Boric criticara na terça-feira as negociações sobre a declaração final da cúpula porque “alguns não querem dizer que a guerra é contra a Ucrânia”. Em sua mira estavam países latino-americanos que impediram uma menção à Rússia e sua “guerra de agressão imperialista” contra o país de Volodymyr Zelensky. Tendo o chileno como alvo, Lula afirmou que, quando era mais novo, tinha “pressa” tal qual o colega, mas que com o tempo aprendeu que há muitos interesses em jogo:
— Eu não tenho por que concordar com o Boric, é uma opinião dele. Foi extraordinária a reunião. Provavelmente a falta de costume de participar dessas reuniões faz com que um jovem seja mais sequioso, mais apressado, mas as coisas acontecem assim — afirmou ele.
Nesta quarta-feira à tarde, Boric rebateu, após reiterar “respeito infinito e carinho por Lula”
— Temos que ser muito claros ao dizer que esta é uma guerra de agressão inaceitável — disse. — Nenhuma potência pode passar por cima do direito internacional.
Recuo sobre Venezuela
As divergências entre a dupla também se estendem à Venezuela, frente às diversas declarações e acenos de Lula que foram entendidos como pró-Caracas. Com uma boa relação histórica com o chavismo, o presidente recebeu o presidente Nicolás Maduro em Brasília em maio, para um retiro de chefes de Estado na região e afirmou que a Venezuela é “vítima” de “uma narrativa de antidemocracia e autoritarismo”.
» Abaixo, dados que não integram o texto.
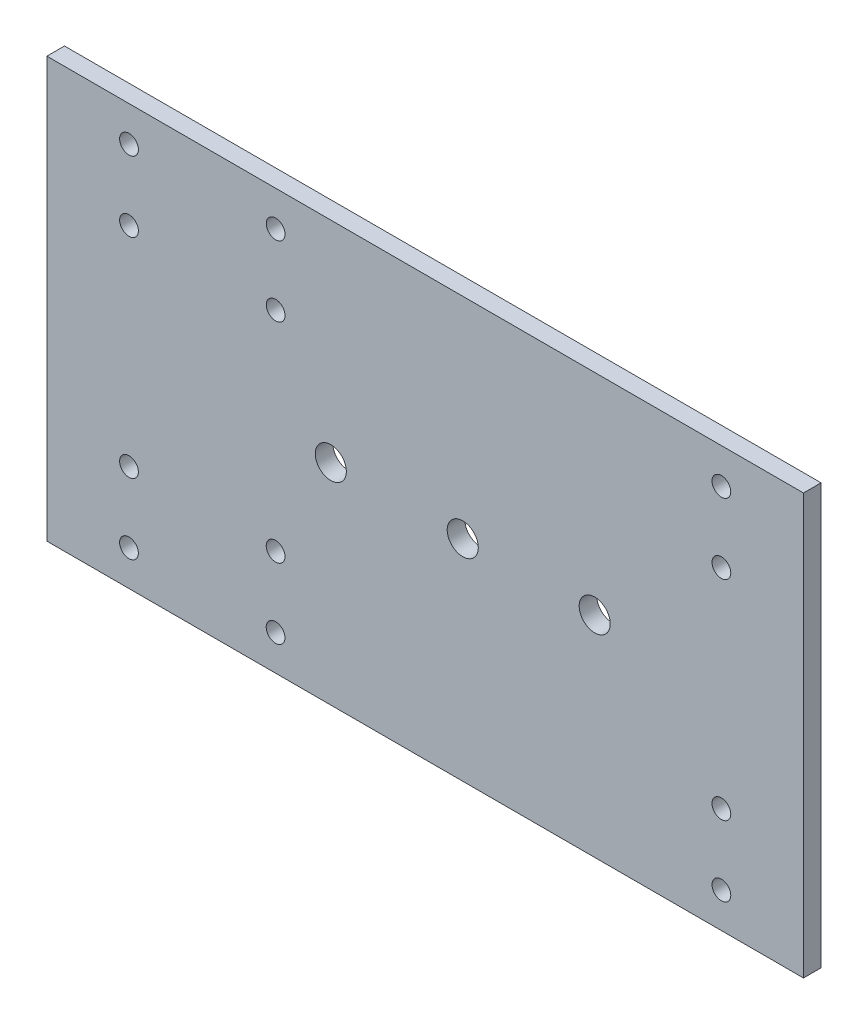
ISO-10303-21;
HEADER;
FILE_DESCRIPTION(('STEP AP214'),'2;1');
FILE_NAME('part.step','',(''),(''),'','','');
FILE_SCHEMA(('AUTOMOTIVE_DESIGN { 1 0 10303 214 1 1 1 1 }'));
ENDSEC;
DATA;
#1=APPLICATION_CONTEXT('core data for automotive mechanical design processes');
#2=APPLICATION_PROTOCOL_DEFINITION('international standard','automotive_design',2000,#1);
#3=PRODUCT_CONTEXT('',#1,'mechanical');
#4=PRODUCT('Part','Part','',(#3));
#5=PRODUCT_RELATED_PRODUCT_CATEGORY('part','',(#4));
#6=PRODUCT_DEFINITION_FORMATION('','',#4);
#7=PRODUCT_DEFINITION_CONTEXT('part definition',#1,'design');
#8=PRODUCT_DEFINITION('design','',#6,#7);
#9=PRODUCT_DEFINITION_SHAPE('','',#8);
#10=(LENGTH_UNIT() NAMED_UNIT(*) SI_UNIT(.MILLI.,.METRE.));
#11=(NAMED_UNIT(*) PLANE_ANGLE_UNIT() SI_UNIT($,.RADIAN.));
#12=(NAMED_UNIT(*) SI_UNIT($,.STERADIAN.) SOLID_ANGLE_UNIT());
#13=UNCERTAINTY_MEASURE_WITH_UNIT(LENGTH_MEASURE(1.E-05),#10,'distance_accuracy_value','');
#14=(GEOMETRIC_REPRESENTATION_CONTEXT(3) GLOBAL_UNCERTAINTY_ASSIGNED_CONTEXT((#13)) GLOBAL_UNIT_ASSIGNED_CONTEXT((#10,
#11,#12)) REPRESENTATION_CONTEXT('',''));
#15=CARTESIAN_POINT('',(0.,0.,0.));
#16=DIRECTION('',(0.,0.,1.));
#17=DIRECTION('',(1.,0.,0.));
#18=AXIS2_PLACEMENT_3D('',#15,#16,#17);
#19=CARTESIAN_POINT('',(0.,0.,3.));
#20=DIRECTION('',(0.,0.,1.));
#21=DIRECTION('',(1.,0.,0.));
#22=AXIS2_PLACEMENT_3D('',#19,#20,#21);
#23=PLANE('',#22);
#24=CARTESIAN_POINT('',(-80.6000000000027,-11.7895095093582,3.));
#25=DIRECTION('',(0.,0.,1.));
#26=DIRECTION('',(1.,0.,0.));
#27=AXIS2_PLACEMENT_3D('',#24,#25,#26);
#28=CIRCLE('',#27,2.65000000000178);
#29=CARTESIAN_POINT('',(-77.9500000000009,-11.7895095093582,3.));
#30=VERTEX_POINT('',#29);
#31=EDGE_CURVE('E198',#30,#30,#28,.T.);
#32=ORIENTED_EDGE('',*,*,#31,.F.);
#33=EDGE_LOOP('',(#32));
#34=FACE_BOUND('',#33,.T.);
#35=CARTESIAN_POINT('',(-35.6000000000027,-11.7895095093582,3.));
#36=DIRECTION('',(0.,0.,1.));
#37=DIRECTION('',(1.,0.,0.));
#38=AXIS2_PLACEMENT_3D('',#35,#36,#37);
#39=CIRCLE('',#38,2.65000000000178);
#40=CARTESIAN_POINT('',(-32.9500000000009,-11.7895095093582,3.));
#41=VERTEX_POINT('',#40);
#42=EDGE_CURVE('E192',#41,#41,#39,.T.);
#43=ORIENTED_EDGE('',*,*,#42,.F.);
#44=EDGE_LOOP('',(#43));
#45=FACE_BOUND('',#44,.T.);
#46=CARTESIAN_POINT('',(-58.1,-11.789509509358,3.));
#47=DIRECTION('',(0.,0.,1.));
#48=DIRECTION('',(1.,0.,0.));
#49=AXIS2_PLACEMENT_3D('',#46,#47,#48);
#50=CIRCLE('',#49,2.65);
#51=CARTESIAN_POINT('',(-55.45,-11.789509509358,3.));
#52=VERTEX_POINT('',#51);
#53=EDGE_CURVE('E186',#52,#52,#50,.T.);
#54=ORIENTED_EDGE('',*,*,#53,.F.);
#55=EDGE_LOOP('',(#54));
#56=FACE_BOUND('',#55,.T.);
#57=CARTESIAN_POINT('',(-115.00577879544,6.01951100932077,3.));
#58=DIRECTION('',(0.,0.,1.));
#59=DIRECTION('',(1.,0.,0.));
#60=AXIS2_PLACEMENT_3D('',#57,#58,#59);
#61=CIRCLE('',#60,1.60000000001785);
#62=CARTESIAN_POINT('',(-113.405778795422,6.01951100932077,3.));
#63=VERTEX_POINT('',#62);
#64=EDGE_CURVE('E171',#63,#63,#61,.T.);
#65=ORIENTED_EDGE('',*,*,#64,.F.);
#66=EDGE_LOOP('',(#65));
#67=FACE_BOUND('',#66,.T.);
#68=CARTESIAN_POINT('',(-115.010777037492,-41.5804887282589,3.));
#69=DIRECTION('',(0.,0.,1.));
#70=DIRECTION('',(1.,0.,0.));
#71=AXIS2_PLACEMENT_3D('',#68,#69,#70);
#72=CIRCLE('',#71,1.60000000001786);
#73=CARTESIAN_POINT('',(-113.410777037474,-41.5804887282589,3.));
#74=VERTEX_POINT('',#73);
#75=EDGE_CURVE('E159',#74,#74,#72,.T.);
#76=ORIENTED_EDGE('',*,*,#75,.F.);
#77=EDGE_LOOP('',(#76));
#78=FACE_BOUND('',#77,.T.);
#79=CARTESIAN_POINT('',(-90.0107771753178,-41.5831138553852,3.));
#80=DIRECTION('',(0.,0.,1.));
#81=DIRECTION('',(1.,0.,0.));
#82=AXIS2_PLACEMENT_3D('',#79,#80,#81);
#83=CIRCLE('',#82,1.60000000001787);
#84=CARTESIAN_POINT('',(-88.4107771753,-41.5831138553852,3.));
#85=VERTEX_POINT('',#84);
#86=EDGE_CURVE('E147',#85,#85,#83,.T.);
#87=ORIENTED_EDGE('',*,*,#86,.F.);
#88=EDGE_LOOP('',(#87));
#89=FACE_BOUND('',#88,.T.);
#90=CARTESIAN_POINT('',(-90.0045188722434,18.016885816038,3.));
#91=DIRECTION('',(0.,0.,1.));
#92=DIRECTION('',(1.,0.,0.));
#93=AXIS2_PLACEMENT_3D('',#90,#91,#92);
#94=CIRCLE('',#93,1.60000000001785);
#95=CARTESIAN_POINT('',(-88.4045188722256,18.016885816038,3.));
#96=VERTEX_POINT('',#95);
#97=EDGE_CURVE('E135',#96,#96,#94,.T.);
#98=ORIENTED_EDGE('',*,*,#97,.F.);
#99=EDGE_LOOP('',(#98));
#100=FACE_BOUND('',#99,.T.);
#101=CARTESIAN_POINT('',(-14.0000000000193,6.00000000000021,3.));
#102=DIRECTION('',(0.,0.,1.));
#103=DIRECTION('',(1.,0.,0.));
#104=AXIS2_PLACEMENT_3D('',#101,#102,#103);
#105=CIRCLE('',#104,1.6);
#106=CARTESIAN_POINT('',(-12.4000000000193,6.00000000000021,3.));
#107=VERTEX_POINT('',#106);
#108=EDGE_CURVE('E123',#107,#107,#105,.T.);
#109=ORIENTED_EDGE('',*,*,#108,.F.);
#110=EDGE_LOOP('',(#109));
#111=FACE_BOUND('',#110,.T.);
#112=CARTESIAN_POINT('',(-14.0000000000166,-29.6000000000001,3.));
#113=DIRECTION('',(0.,0.,1.));
#114=DIRECTION('',(1.,0.,0.));
#115=AXIS2_PLACEMENT_3D('',#112,#113,#114);
#116=CIRCLE('',#115,1.60000000001785);
#117=CARTESIAN_POINT('',(-12.3999999999987,-29.6000000000001,3.));
#118=VERTEX_POINT('',#117);
#119=EDGE_CURVE('E102',#118,#118,#116,.T.);
#120=ORIENTED_EDGE('',*,*,#119,.F.);
#121=EDGE_LOOP('',(#120));
#122=FACE_BOUND('',#121,.T.);
#123=DIRECTION('',(0.,-1.,0.));
#124=VECTOR('',#123,1.);
#125=CARTESIAN_POINT('',(-129.003888626723,24.0209809812841,3.));
#126=LINE('',#125,#124);
#127=CARTESIAN_POINT('',(-129.003888626723,24.0209809812841,3.));
#128=VERTEX_POINT('',#127);
#129=CARTESIAN_POINT('',(-129.003888626723,-47.6000000000002,3.));
#130=VERTEX_POINT('',#129);
#131=EDGE_CURVE('E87',#128,#130,#126,.T.);
#132=ORIENTED_EDGE('',*,*,#131,.T.);
#133=DIRECTION('',(1.,0.,0.));
#134=VECTOR('',#133,1.);
#135=CARTESIAN_POINT('',(-129.003888626723,-47.6000000000002,3.));
#136=LINE('',#135,#134);
#137=CARTESIAN_POINT('',(-9.70257215124773E-12,-47.6000000000002,3.));
#138=VERTEX_POINT('',#137);
#139=EDGE_CURVE('E82',#130,#138,#136,.T.);
#140=ORIENTED_EDGE('',*,*,#139,.T.);
#141=DIRECTION('',(1.35464282201257E-13,1.,0.));
#142=VECTOR('',#141,1.);
#143=CARTESIAN_POINT('',(0.,24.0209809812841,3.));
#144=LINE('',#143,#142);
#145=CARTESIAN_POINT('',(0.,24.0209809812841,3.));
#146=VERTEX_POINT('',#145);
#147=EDGE_CURVE('E85',#138,#146,#144,.T.);
#148=ORIENTED_EDGE('',*,*,#147,.T.);
#149=DIRECTION('',(-1.,0.,0.));
#150=VECTOR('',#149,1.);
#151=CARTESIAN_POINT('',(-129.003888626723,24.0209809812841,3.));
#152=LINE('',#151,#150);
#153=EDGE_CURVE('E52',#146,#128,#152,.T.);
#154=ORIENTED_EDGE('',*,*,#153,.T.);
#155=EDGE_LOOP('',(#132,#140,#148,#154));
#156=FACE_BOUND('',#155,.T.);
#157=CARTESIAN_POINT('',(-14.0000000000166,-41.6000000000001,3.));
#158=DIRECTION('',(0.,0.,1.));
#159=DIRECTION('',(1.,0.,0.));
#160=AXIS2_PLACEMENT_3D('',#157,#158,#159);
#161=CIRCLE('',#160,1.60000000001785);
#162=CARTESIAN_POINT('',(-12.3999999999987,-41.6000000000001,3.));
#163=VERTEX_POINT('',#162);
#164=EDGE_CURVE('E117',#163,#163,#161,.T.);
#165=ORIENTED_EDGE('',*,*,#164,.F.);
#166=EDGE_LOOP('',(#165));
#167=FACE_BOUND('',#166,.T.);
#168=CARTESIAN_POINT('',(-14.0000000000193,18.0000000000002,3.));
#169=DIRECTION('',(0.,0.,1.));
#170=DIRECTION('',(1.,0.,0.));
#171=AXIS2_PLACEMENT_3D('',#168,#169,#170);
#172=CIRCLE('',#171,1.6);
#173=CARTESIAN_POINT('',(-12.4000000000193,18.0000000000002,3.));
#174=VERTEX_POINT('',#173);
#175=EDGE_CURVE('E129',#174,#174,#172,.T.);
#176=ORIENTED_EDGE('',*,*,#175,.F.);
#177=EDGE_LOOP('',(#176));
#178=FACE_BOUND('',#177,.T.);
#179=CARTESIAN_POINT('',(-90.0057789332652,6.01688588219443,3.));
#180=DIRECTION('',(0.,0.,1.));
#181=DIRECTION('',(1.,0.,0.));
#182=AXIS2_PLACEMENT_3D('',#179,#180,#181);
#183=CIRCLE('',#182,1.60000000001785);
#184=CARTESIAN_POINT('',(-88.4057789332473,6.01688588219443,3.));
#185=VERTEX_POINT('',#184);
#186=EDGE_CURVE('E141',#185,#185,#183,.T.);
#187=ORIENTED_EDGE('',*,*,#186,.F.);
#188=EDGE_LOOP('',(#187));
#189=FACE_BOUND('',#188,.T.);
#190=CARTESIAN_POINT('',(-90.0095171142961,-29.5831139215416,3.));
#191=DIRECTION('',(0.,0.,1.));
#192=DIRECTION('',(1.,0.,0.));
#193=AXIS2_PLACEMENT_3D('',#190,#191,#192);
#194=CIRCLE('',#193,1.60000000001785);
#195=CARTESIAN_POINT('',(-88.4095171142783,-29.5831139215416,3.));
#196=VERTEX_POINT('',#195);
#197=EDGE_CURVE('E153',#196,#196,#194,.T.);
#198=ORIENTED_EDGE('',*,*,#197,.F.);
#199=EDGE_LOOP('',(#198));
#200=FACE_BOUND('',#199,.T.);
#201=CARTESIAN_POINT('',(-115.00951697647,-29.5804887944153,3.));
#202=DIRECTION('',(0.,0.,1.));
#203=DIRECTION('',(1.,0.,0.));
#204=AXIS2_PLACEMENT_3D('',#201,#202,#203);
#205=CIRCLE('',#204,1.60000000001785);
#206=CARTESIAN_POINT('',(-113.409516976452,-29.5804887944153,3.));
#207=VERTEX_POINT('',#206);
#208=EDGE_CURVE('E165',#207,#207,#205,.T.);
#209=ORIENTED_EDGE('',*,*,#208,.F.);
#210=EDGE_LOOP('',(#209));
#211=FACE_BOUND('',#210,.T.);
#212=CARTESIAN_POINT('',(-115.004518734418,18.0195109431644,3.));
#213=DIRECTION('',(0.,0.,1.));
#214=DIRECTION('',(1.,0.,0.));
#215=AXIS2_PLACEMENT_3D('',#212,#213,#214);
#216=CIRCLE('',#215,1.60000000001785);
#217=CARTESIAN_POINT('',(-113.4045187344,18.0195109431644,3.));
#218=VERTEX_POINT('',#217);
#219=EDGE_CURVE('E177',#218,#218,#216,.T.);
#220=ORIENTED_EDGE('',*,*,#219,.F.);
#221=EDGE_LOOP('',(#220));
#222=FACE_BOUND('',#221,.T.);
#223=ADVANCED_FACE('F35',(#34,#45,#56,#67,#78,#89,#100,#111,#122,#156,#167,#178,#189,#200,#211,
#222),#23,.T.);
#224=CARTESIAN_POINT('',(0.,0.,0.));
#225=DIRECTION('',(0.,0.,1.));
#226=DIRECTION('',(1.,0.,0.));
#227=AXIS2_PLACEMENT_3D('',#224,#225,#226);
#228=PLANE('',#227);
#229=CARTESIAN_POINT('',(-80.6000000000027,-11.7895095093582,0.));
#230=DIRECTION('',(0.,0.,1.));
#231=DIRECTION('',(1.,0.,0.));
#232=AXIS2_PLACEMENT_3D('',#229,#230,#231);
#233=CIRCLE('',#232,2.65000000000178);
#234=CARTESIAN_POINT('',(-77.9500000000009,-11.7895095093582,0.));
#235=VERTEX_POINT('',#234);
#236=EDGE_CURVE('E189',#235,#235,#233,.T.);
#237=ORIENTED_EDGE('',*,*,#236,.T.);
#238=EDGE_LOOP('',(#237));
#239=FACE_BOUND('',#238,.T.);
#240=CARTESIAN_POINT('',(-35.6000000000027,-11.7895095093582,0.));
#241=DIRECTION('',(0.,0.,1.));
#242=DIRECTION('',(1.,0.,0.));
#243=AXIS2_PLACEMENT_3D('',#240,#241,#242);
#244=CIRCLE('',#243,2.65000000000178);
#245=CARTESIAN_POINT('',(-32.9500000000009,-11.7895095093582,0.));
#246=VERTEX_POINT('',#245);
#247=EDGE_CURVE('E195',#246,#246,#244,.T.);
#248=ORIENTED_EDGE('',*,*,#247,.T.);
#249=EDGE_LOOP('',(#248));
#250=FACE_BOUND('',#249,.T.);
#251=CARTESIAN_POINT('',(-58.1,-11.789509509358,0.));
#252=DIRECTION('',(0.,0.,1.));
#253=DIRECTION('',(1.,0.,0.));
#254=AXIS2_PLACEMENT_3D('',#251,#252,#253);
#255=CIRCLE('',#254,2.65);
#256=CARTESIAN_POINT('',(-55.45,-11.789509509358,0.));
#257=VERTEX_POINT('',#256);
#258=EDGE_CURVE('E183',#257,#257,#255,.T.);
#259=ORIENTED_EDGE('',*,*,#258,.T.);
#260=EDGE_LOOP('',(#259));
#261=FACE_BOUND('',#260,.T.);
#262=DIRECTION('',(0.,-1.,0.));
#263=VECTOR('',#262,1.);
#264=CARTESIAN_POINT('',(-129.003888626723,24.0209809812841,0.));
#265=LINE('',#264,#263);
#266=CARTESIAN_POINT('',(-129.003888626723,24.0209809812841,0.));
#267=VERTEX_POINT('',#266);
#268=CARTESIAN_POINT('',(-129.003888626723,-47.6000000000002,0.));
#269=VERTEX_POINT('',#268);
#270=EDGE_CURVE('E99',#267,#269,#265,.T.);
#271=ORIENTED_EDGE('',*,*,#270,.F.);
#272=DIRECTION('',(-1.,0.,0.));
#273=VECTOR('',#272,1.);
#274=CARTESIAN_POINT('',(-129.003888626723,24.0209809812841,0.));
#275=LINE('',#274,#273);
#276=CARTESIAN_POINT('',(0.,24.0209809812841,0.));
#277=VERTEX_POINT('',#276);
#278=EDGE_CURVE('E75',#277,#267,#275,.T.);
#279=ORIENTED_EDGE('',*,*,#278,.F.);
#280=DIRECTION('',(1.35464282201257E-13,1.,0.));
#281=VECTOR('',#280,1.);
#282=CARTESIAN_POINT('',(0.,24.0209809812841,0.));
#283=LINE('',#282,#281);
#284=CARTESIAN_POINT('',(-9.70257215124773E-12,-47.6000000000002,0.));
#285=VERTEX_POINT('',#284);
#286=EDGE_CURVE('E69',#285,#277,#283,.T.);
#287=ORIENTED_EDGE('',*,*,#286,.F.);
#288=DIRECTION('',(1.,0.,0.));
#289=VECTOR('',#288,1.);
#290=CARTESIAN_POINT('',(-129.003888626723,-47.6000000000002,0.));
#291=LINE('',#290,#289);
#292=EDGE_CURVE('E91',#269,#285,#291,.T.);
#293=ORIENTED_EDGE('',*,*,#292,.F.);
#294=EDGE_LOOP('',(#271,#279,#287,#293));
#295=FACE_BOUND('',#294,.T.);
#296=CARTESIAN_POINT('',(-14.0000000000166,-29.6000000000001,0.));
#297=DIRECTION('',(0.,0.,1.));
#298=DIRECTION('',(1.,0.,0.));
#299=AXIS2_PLACEMENT_3D('',#296,#297,#298);
#300=CIRCLE('',#299,1.60000000001785);
#301=CARTESIAN_POINT('',(-12.3999999999987,-29.6000000000001,0.));
#302=VERTEX_POINT('',#301);
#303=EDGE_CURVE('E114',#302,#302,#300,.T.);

Entre os críticos domésticos e internacionais estava Boric: as violações dos direitos humanos no país de Maduro, disse ele, “não são uma construção narrativa”, mas sim uma “realidade”. Frente à péssima repercussão, Lula recuou na cúpula desta semana e sentou-se pela primeira vez com representantes da oposição e do governo da Venezuela, em um encontro organizado pelo presidente francês, Emmanuel Macron, que reuniu também o colombiano Gustavo Petro e o argentino Alberto Fernández.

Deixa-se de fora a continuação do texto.